The foregoing description is only of the preferred embodiments of the present application, and is not intended to limit the scope of the claims, and all equivalent structures or equivalent processes using the descriptions and drawings of the present application, or direct or indirect application in other related technical fields are included in the scope of the claims of the present application.

Claims

1. A method of generating text data, comprising:

training a twin Bert model composed of the first Bert and the second Bert under the constraint of a loss function, wherein the expression of the loss function is thatloss represents a loss function,/->Representing the vector corresponding to the standard training text, < >>Representing vectors corresponding to the extended training text, and label representing annotation data;

judging whether the loss function converges or not;

if yes, determining model parameters of the twin Bert model;

acquiring an expanded text similar to the standard text according to the vector corresponding to the standard text;

the step of obtaining the expanded text similar to the standard text according to the vector corresponding to the standard text comprises the following steps:

screening a specified statement vector meeting a preset similarity requirement with the standard text in a preset database through the nearest neighbor model;

Acquiring text data corresponding to the specified sentence vector;

2. The method for generating text data according to claim 1, wherein after the step of screening a predetermined database for a specified sentence vector satisfying a predetermined similarity requirement with the standard text by the nearest neighbor model, the method comprises:

3. The method of generating text data according to claim 2, wherein the step of vector stitching the vector corresponding to the standard text and the specified sentence vector to form a stitched vector includes:

and splicing the first vector, the second vector, the element granularity difference, the element granularity product and the cosine distance among the vectors into the spliced vector.

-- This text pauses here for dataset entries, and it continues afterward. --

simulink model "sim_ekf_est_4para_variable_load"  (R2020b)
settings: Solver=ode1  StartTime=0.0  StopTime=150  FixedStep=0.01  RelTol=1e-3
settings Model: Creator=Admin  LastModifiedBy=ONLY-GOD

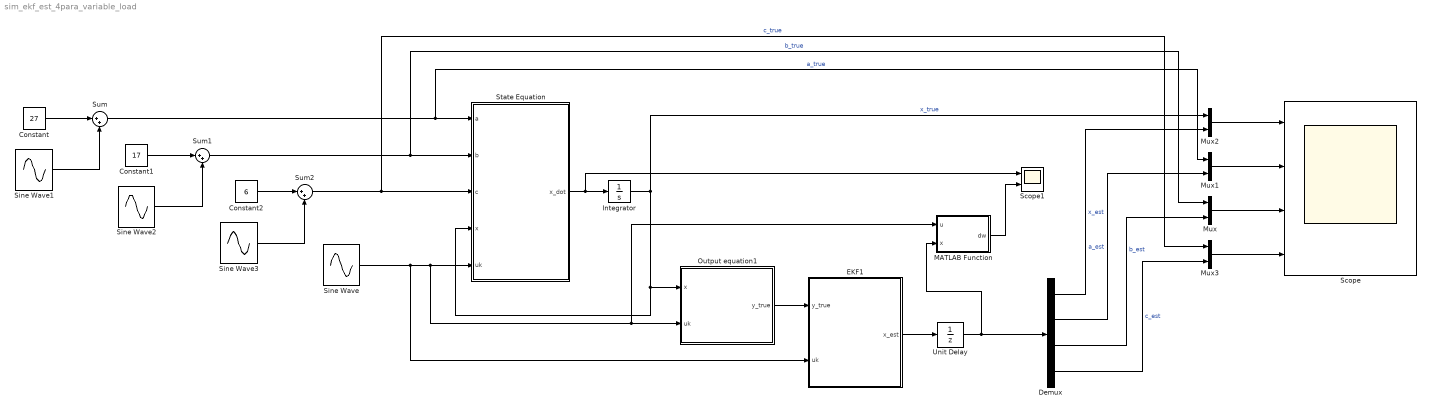
== system sim_ekf_est_4para_variable_load ==
  Constant : Constant  Value=27
  Constant1 : Constant  Value=17
  Constant2 : Constant  Value=6
  Demux : Demux
  EKF1 : MATLAB Function  TreatAsAtomicUnit=on
  Integrator : Integrator
  MATLAB Function : MATLAB Function  TreatAsAtomicUnit=on
  Mux{,1..3} (4 alike) : Mux  Inputs=2
  Output equation1 : MATLAB Function  TreatAsAtomicUnit=on
  Scope : Scope  NumInputPorts=4
  Scope1 : Scope  NumInputPorts=2
  Sine Wave : Sin  Amplitude=20  Frequency=2*pi*0.1  SampleTime=0
  Sine Wave1 : Sin  Amplitude=27*0.1  Frequency=2*pi*0.1  SampleTime=0
  Sine Wave2 : Sin  Amplitude=17*0.1  Frequency=2*pi/4  SampleTime=0
  Sine Wave3 : Sin  Amplitude=6*0.1  Frequency=2*pi*0.1  SampleTime=0
  State Equation : MATLAB Function  TreatAsAtomicUnit=on
  Sum : Sum  Inputs=|++
  Sum1 : Sum  Inputs=|++
  Sum2 : Sum  Inputs=|++
  Unit Delay : UnitDelay  InitialCondition=[0;0;0;0]  SampleTime=-1  HasFrameUpgradeWarning=on
  wires:
  Integrator/1 -> Mux2/1, Output equation1/1(x), State Equation/4(x)  "x_true"
  Sum/1 -> State Equation/1(a), Mux1/1  "a_true"
  Sum1/1 -> Mux/1, State Equation/2(b)  "b_true"
  Sine Wave/1 -> EKF1/2(uk), MATLAB Function/1(u), Output equation1/2(uk), State Equation/5(uk)
  Sum2/1 -> State Equation/3(c), Mux3/1  "c_true"
  State Equation/1(x_dot) -> Scope1/1, Integrator/1
  Constant/1 -> Sum/1
  Sine Wave1/1 -> Sum/2
  Constant1/1 -> Sum1/1
  Sine Wave2/1 -> Sum1/2
  Constant2/1 -> Sum2/1
  Sine Wave3/1 -> Sum2/2
  EKF1/1(x_est) -> Unit Delay/1
  Output equation1/1(y_true) -> EKF1/1(y_true)
  Unit Delay/1 -> MATLAB Function/2(x), Demux/1
  Mux2/1 -> Scope/1
  Mux1/1 -> Scope/2
  Mux/1 -> Scope/3
  Mux3/1 -> Scope/4
  Demux/4 -> Mux3/2  "c_est"
  Demux/3 -> Mux/2  "b_est"
  Demux/2 -> Mux1/2  "a_est"
  Demux/1 -> Mux2/2  "x_est"
  MATLAB Function/1(dw) -> Scope1/2

== matlab function sim_ekf_est_4para_variable_load/MATLAB Function ==
  data: u input; dw output; x input
function dw = fcn(u,x)

dw = -x(2)*x(1)+x(3)*u-x(4)*sign(x(1));

== matlab function sim_ekf_est_4para_variable_load/State Equation ==
  settings: updateMethod=DISCRETE
  data: a input; b input; c input; x input; uk input; x_dot output
function x_dot = state_eq(a,b,c,x,uk)
% x1 = W , x2 = a , x3 = b , x4 = c
x_dot = -a*x + b*uk - c*sign(x);

== matlab function sim_ekf_est_4para_variable_load/EKF1 ==
  settings: updateMethod=DISCRETE
  data: y_true input; uk input; x_est output
function x_est = ekf(y_true, uk)
Ts = 0.01;
persistent x_est_p P Qd_est R_est Qc_est;
if isempty(x_est_p)
    x_est_p = [0;0;0;0];
    P       = 1*diag([10,1,30,10]);
    Qc_est  = 1e-3*diag([1,10,100,10]);
    Qd_est  = Ts*Qc_est;
    R_est   = 0.01;
end
c  = [1 0 0 0];
D  = 0;
Ck = c;
Dk = D;

%Comput Kalman Gain and update predicted value
Wk    = P*Ck'/(Ck*P*Ck'+R_est);
y_est = Ck*x_est_p+Dk*uk;
x     = x_est_p+Wk*(y_true-y_est);

%Compute prediction at next time step
x_est = x+Ts*[-x(2)*x(1)+uk*x(3)-x(4)*sign(x(1));
                          0;
                          0;
                          0];

%Update error covariance matrices
P = P-Wk*Ck*P;

%Define Ak
Ak      = eye(4)+Ts*[-x(2) -x(1) uk -sign(x(1));
                 0     0    0      0;
                 0     0    0      0;
                 0     0    0      0];
P       = Ak*P*Ak'+Qd_est;
x_est_p = x_est;

== matlab function sim_ekf_est_4para_variable_load/Output equation1 ==
  settings: updateMethod=DISCRETE
  data: x input; uk input; y_true output
function y_true = output_eq(x,uk)
C = 1;
D = 0;
y_true = C*x+D*uk+sqrt(0.02)*randn;

4. The method of generating text data according to claim 2, wherein the step of determining the expanded text corresponding to the standard text based on the specified number of spliced vectors includes:

in the appointed number of the expanded texts, calculating the correlation degree between every two of the expanded texts respectively;

if yes, combining the two texts with the correlation degree reaching the threshold value into one expanded text.

5. The method of generating text data as set forth in claim 4, wherein the step of calculating the correlation between each pair among the specified number of expanded texts, respectively, includes:

in the appointed number of the extended texts, calculating a Levenshtein distance, a Jaro-Winkler distance between every two extended texts, and a first TF-IDF and a first BM25 corresponding to the Levenshtein distance and a second TF-IDF and a second BM25 corresponding to the Jaro-Winkler distance respectively;

6. An apparatus for generating text data for implementing the method of any one of claims 1 to 5, comprising:

a training module for training a twin Bert model composed of the first Bert and the second Bert under the constraint of a loss function, wherein the expression of the loss function is that loss represents a loss function,/->Representing the vector corresponding to the standard training text, < >>Representing vectors corresponding to the extended training text, and label representing annotation data;

the second acquisition module is used for acquiring the expanded text similar to the standard text according to the vector corresponding to the standard text;

7. A computer device comprising a memory and a processor, the memory storing a computer program, characterized in that the processor implements the steps of the method of any one of claims 1 to 5 when the computer program is executed.

8. A computer readable storage medium, on which a computer program is stored, characterized in that the computer program, when being executed by a processor, implements the steps of the method of any of claims 1 to 5.